The finding that such a large proportion had sustained improvement is promising, but interpretation is challenging for several reasons. The retrospective design leaves the cohort vulnerable to selection bias: it is not clear from what denominator these 31 patients were chosen, nor which factors influenced the decision to offer immunotherapy to them rather than to others who are not analyzed. Major confounders remain, particularly concurrent antiseizure medication changes, which the authors acknowledge could plausibly account for improvement in some cases. Finally, seizure quantification is necessarily “real-world”: the primary outcome hinges on a percentage change in seizure frequency, yet follow-up counts are based largely on patient-reported seizure burden, with inevitable imprecision (this challenge plagues much of epilepsy research). Taken together, these factors make it difficult to distinguish a true immunotherapy signal from natural fluctuation, regression to the mean, placebo effects, or the impact of evolving antiseizure regimens.
The real challenge, therefore, is not simply whether to determine whether immunotherapy can work, but to identify who is most likely to benefit and at what cost. The authors helpfully provide patient-level detail for all 31 cases. Certain observations stand out. None of the patients with generalized epilepsy responded, and all sustained responders had focal-onset seizures. When one examines the patient-level data, epilepsy duration appears shorter among responders: based on the durations listed in the case tables, the median duration is 6 years in responders and 10 years in nonresponders. Looking specifically at seizure-free cases, epilepsy duration was no more than 3 years. The patient with Sturge–Weber syndrome and negative antibodies achieved sustained seizure freedom after a relatively short course of steroid therapy, despite a substantial reduction in antiseizure medications over the ensuing year; an outcome that is striking and deserves further study, but remains difficult to interpret.

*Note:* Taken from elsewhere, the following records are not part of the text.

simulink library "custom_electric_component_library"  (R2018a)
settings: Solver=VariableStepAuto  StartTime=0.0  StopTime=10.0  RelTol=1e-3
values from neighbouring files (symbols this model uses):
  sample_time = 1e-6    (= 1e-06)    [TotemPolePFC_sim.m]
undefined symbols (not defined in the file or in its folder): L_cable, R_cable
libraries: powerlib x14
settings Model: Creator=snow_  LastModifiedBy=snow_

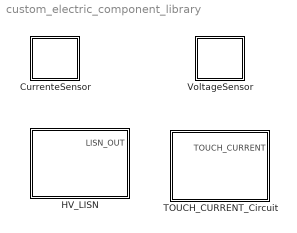
== system custom_electric_component_library ==
  CurrenteSensor : Subsystem  mask{VariableName=Var, SampleTime=1e-6}
      mask prompts: VariableName "Simulink:blkprm_prompts:ToWksVarName"
      settings: AttributesFormatString=%<VariableName>
      mask TypeOptions VariableName: To Workspace1/VariableName | Goto/GotoTag
      mask DialogControl VariableName Prompt: 変数名:
      mask Display:
      | % disp("Current \n Sensor")
      | port_label('lconn', 1, '+')
      | port_label('rconn', 1, '-')
      | 
      | 
      | plot(-50,-35,50,50-15,...
      |     [0,9,18,24,29,30,29,24,18,9,0,-9,-18,-24,-29,-30,-29,-24,-18,-9,0],...
      |     0.8*[30,29,24,18,9,0,-9,-18,-24,-29,-30,-29,-24,-18,-9,0,9,18,24,29,30],...
      |     [-15,0,15],0.8*[-15,25,-15],...
      |     [-7,0,7],0.8*[5,5,5]);
  HV_LISN : Subsystem
  "TOUCH_CURRENT_Circuit " : Subsystem
  VoltageSensor : Subsystem  mask{VariableName=Var, SampleTime=1e-6}
      mask prompts: VariableName "Simulink:blkprm_prompts:ToWksVarName"
      settings: AttributesFormatString=%<VariableName>
      mask TypeOptions VariableName: To Workspace1/VariableName | Goto/GotoTag
      mask DialogControl VariableName Prompt: 変数名:
      mask Display:
      | %disp("Voltage \n Sensor")
      | port_label('lconn', 1, '+')
      | port_label('lconn', 2, '-')
      | 
      | plot(-50,-35,50,50-15,...
      |     [0,9,18,24,29,30,29,24,18,9,0,-9,-18,-24,-29,-30,-29,-24,-18,-9,0],...
      |     0.8*[30,29,24,18,9,0,-9,-18,-24,-29,-30,-29,-24,-18,-9,0,9,18,24,29,30],...
      |     [-15,0,15],0.8*[15,-20,15]);

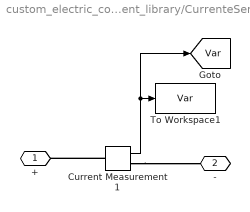
== system custom_electric_component_library/CurrenteSensor ==
  Current Measurement1 : powerlib/Measurements/Current Measurement  PhasorSimulation=off  OutputType=Complex  PSBequivalent=0
  To Workspace1 : ToWorkspace  VariableName=Var  SampleTime=sample_time
  + : PMIOPort  Side=Left
  - : PMIOPort  Port=2  Side=Right
  tag scope: Var=global
  wires:
  Current Measurement1/1 -> [Var], To Workspace1/1
  connections:
  Current Measurement1/LConn1 -- +/RConn1
  Current Measurement1/RConn1 -- -/RConn1

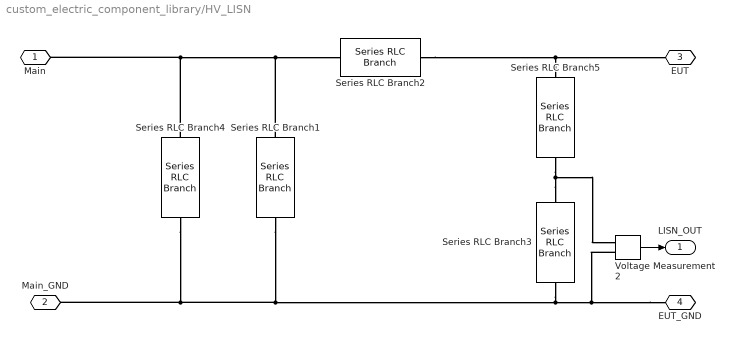
== system custom_electric_component_library/HV_LISN ==
  Series RLC Branch1 : powerlib/Elements/Series RLC Branch  LConnTagsString=__new0  RConnTagsString=__new0  BranchType=C  Resistance=24e-3  Inductance=1000e-6  SetiL0=off  InitialCurrent=0  Capacitance=0.1e-6  Setx0=off  InitialVoltage=0  Measurements=None
      settings: AttributesFormatString="C= %<Capacitance>  F"
  Series RLC Branch2 : powerlib/Elements/Series RLC Branch  LConnTagsString=__new0  RConnTagsString=__new0  BranchType=L  Resistance=R_cable  Inductance=5e-6  SetiL0=off  InitialCurrent=0  Capacitance=1e-6  Setx0=off  InitialVoltage=0  Measurements=None
      settings: AttributesFormatString=L=%<Inductance> H
  Series RLC Branch3 : powerlib/Elements/Series RLC Branch  LConnTagsString=__new0  RConnTagsString=__new0  BranchType=R  Resistance=1e3  Inductance=L_cable  SetiL0=off  InitialCurrent=0  Capacitance=1e-6  Setx0=off  InitialVoltage=0  Measurements=None
      settings: AttributesFormatString=R=%<Resistance> Ohm
  Series RLC Branch4 : powerlib/Elements/Series RLC Branch  LConnTagsString=__new0  RConnTagsString=__new0  BranchType=R  Resistance=1e6  Inductance=L_cable  SetiL0=off  InitialCurrent=0  Capacitance=1e-6  Setx0=off  InitialVoltage=0  Measurements=None
      settings: AttributesFormatString=R=%<Resistance> Ohm
  Series RLC Branch5 : powerlib/Elements/Series RLC Branch  LConnTagsString=__new0  RConnTagsString=__new0  BranchType=C  Resistance=24e-3  Inductance=1000e-6  SetiL0=off  InitialCurrent=0  Capacitance=0.1e-6  Setx0=off  InitialVoltage=0  Measurements=None
      settings: AttributesFormatString="C= %<Capacitance>  F"
  Voltage Measurement2 : powerlib/Measurements/Voltage Measurement  PhasorSimulation=off  OutputType=Complex  PSBequivalent=0
  Main : PMIOPort  Side=Left
  Main_GND : PMIOPort  Port=2  Side=Left
  EUT : PMIOPort  Port=3  Side=Right
  EUT_GND : PMIOPort  Port=4  Side=Right
  LISN_OUT : Outport
  wires:
  Voltage Measurement2/1 -> LISN_OUT/1
  connections:
  EUT_GND/RConn1 -- Series RLC Branch1/RConn1 -- Series RLC Branch4/RConn1 -- Main_GND/RConn1 -- Series RLC Branch3/RConn1 -- Voltage Measurement2/LConn2
  Series RLC Branch1/LConn1 -- Series RLC Branch2/LConn1 -- Series RLC Branch4/LConn1 -- Main/RConn1
  Series RLC Branch3/LConn1 -- Series RLC Branch5/RConn1 -- Voltage Measurement2/LConn1
  Series RLC Branch2/RConn1 -- EUT/RConn1 -- Series RLC Branch5/LConn1

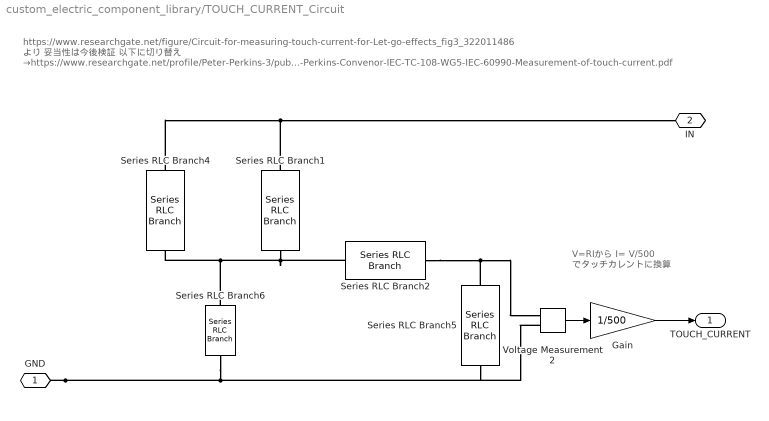
== system custom_electric_component_library/TOUCH_CURRENT_Circuit  ==
  note: V=RIから
      | 　I=　V/500 でタッチカレントに換算
  note: https://www.researchgate.net/figure/Circuit-for-measuring-touch-current-for-Let-go-effects_fig3_322011486 より
      | 妥当性は今後検証
      | 以下に切り替え
      | →https://www.researchgate.net/profile/Peter-Perkins-3/publication/299508095_IEC_60990_Touch_Current_circuits_Component_tolerance_analysis_Peter_E_Perkins_Convenor_IEC_TC_108WG5_'IEC_60990_Measurement_of_touch_current_'/links/56fc7f7408ae8239f6dc4a67/IEC-60990-Touch-Current-circuits-Component-tolerance-analysis-Peter-E-Perkins-Convenor-IEC-TC-108-WG5-IEC-60990-Measurement-of-touch-current.pdf
  Gain : Gain  Gain=1/500
  Series RLC Branch1 : powerlib/Elements/Series RLC Branch  LConnTagsString=__new0  RConnTagsString=__new0  BranchType=C  Resistance=24e-3  Inductance=1000e-6  SetiL0=off  InitialCurrent=0  Capacitance=0.22e-6  Setx0=off  InitialVoltage=0  Measurements=None
      settings: AttributesFormatString="C= %<Capacitance>  F"
  Series RLC Branch2 : powerlib/Elements/Series RLC Branch  LConnTagsString=__new0  RConnTagsString=__new0  BranchType=R  Resistance=10e3  Inductance=L_cable  SetiL0=off  InitialCurrent=0  Capacitance=1e-6  Setx0=off  InitialVoltage=0  Measurements=None
      settings: AttributesFormatString=R=%<Resistance> Ohm
  Series RLC Branch4 : powerlib/Elements/Series RLC Branch  LConnTagsString=__new0  RConnTagsString=__new0  BranchType=R  Resistance=1500  Inductance=L_cable  SetiL0=off  InitialCurrent=0  Capacitance=1e-6  Setx0=off  InitialVoltage=0  Measurements=None
      settings: AttributesFormatString=R=%<Resistance> Ohm
  Series RLC Branch5 : powerlib/Elements/Series RLC Branch  LConnTagsString=__new0  RConnTagsString=__new0  BranchType=C  Resistance=24e-3  Inductance=1000e-6  SetiL0=off  InitialCurrent=0  Capacitance=0.022e-6  Setx0=off  InitialVoltage=0  Measurements=None
      settings: AttributesFormatString="C= %<Capacitance>  F"
  Series RLC Branch6 : powerlib/Elements/Series RLC Branch  LConnTagsString=__new0  RConnTagsString=__new0  BranchType=R  Resistance=500  Inductance=L_cable  SetiL0=off  InitialCurrent=0  Capacitance=1e-6  Setx0=off  InitialVoltage=0  Measurements=None
      settings: AttributesFormatString=R=%<Resistance> Ohm
  Voltage Measurement2 : powerlib/Measurements/Voltage Measurement  PhasorSimulation=off  OutputType=Complex  PSBequivalent=0
  GND : PMIOPort  Side=Left
  IN : PMIOPort  Port=2  Side=Right
  TOUCH_CURRENT : Outport
  wires:
  Voltage Measurement2/1 -> Gain/1
  Gain/1 -> TOUCH_CURRENT/1
  connections:
  GND/RConn1 -- Series RLC Branch6/RConn1 -- Series RLC Branch5/RConn1 -- Voltage Measurement2/LConn2
  Series RLC Branch5/LConn1 -- Series RLC Branch2/RConn1 -- Voltage Measurement2/LConn1
  Series RLC Branch4/LConn1 -- Series RLC Branch1/LConn1 -- IN/RConn1
  Series RLC Branch2/LConn1 -- Series RLC Branch1/RConn1 -- Series RLC Branch6/LConn1 -- Series RLC Branch4/RConn1

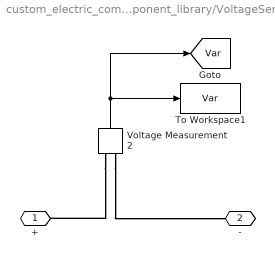
== system custom_electric_component_library/VoltageSensor ==
  To Workspace1 : ToWorkspace  VariableName=Var  SampleTime=SampleTime
  Voltage Measurement2 : powerlib/Measurements/Voltage Measurement  PhasorSimulation=off  OutputType=Complex  PSBequivalent=0
  + : PMIOPort  Side=Left
  - : PMIOPort  Port=2  Side=Left
  tag scope: Var=global
  wires:
  Voltage Measurement2/1 -> [Var], To Workspace1/1
  connections:
  Voltage Measurement2/LConn1 -- +/RConn1
  Voltage Measurement2/LConn2 -- -/RConn1

Ultimately, it will not be possible to draw firm conclusions from these data. Nonetheless, by formalizing and reporting an empiric immunotherapy pathway in a group that would not usually receive it, the authors add legitimacy and a degree of structure to a practice that is sometimes attempted warily in desperate circumstances. These data are best interpreted as an empirical immunotherapy experience in highly active refractory epilepsy, without a demonstration of immune etiology and, in most cases, without any clear suggestion of it.
The next step will be to determine, ideally in prospective studies with tighter control of antiseizure medication changes and more standardized seizure ascertainment, which patients are most likely to benefit, and how to balance that benefit against the nontrivial risks of treatment. Those with severe focal or multifocal epilepsy of relatively short duration would seem a good place to start.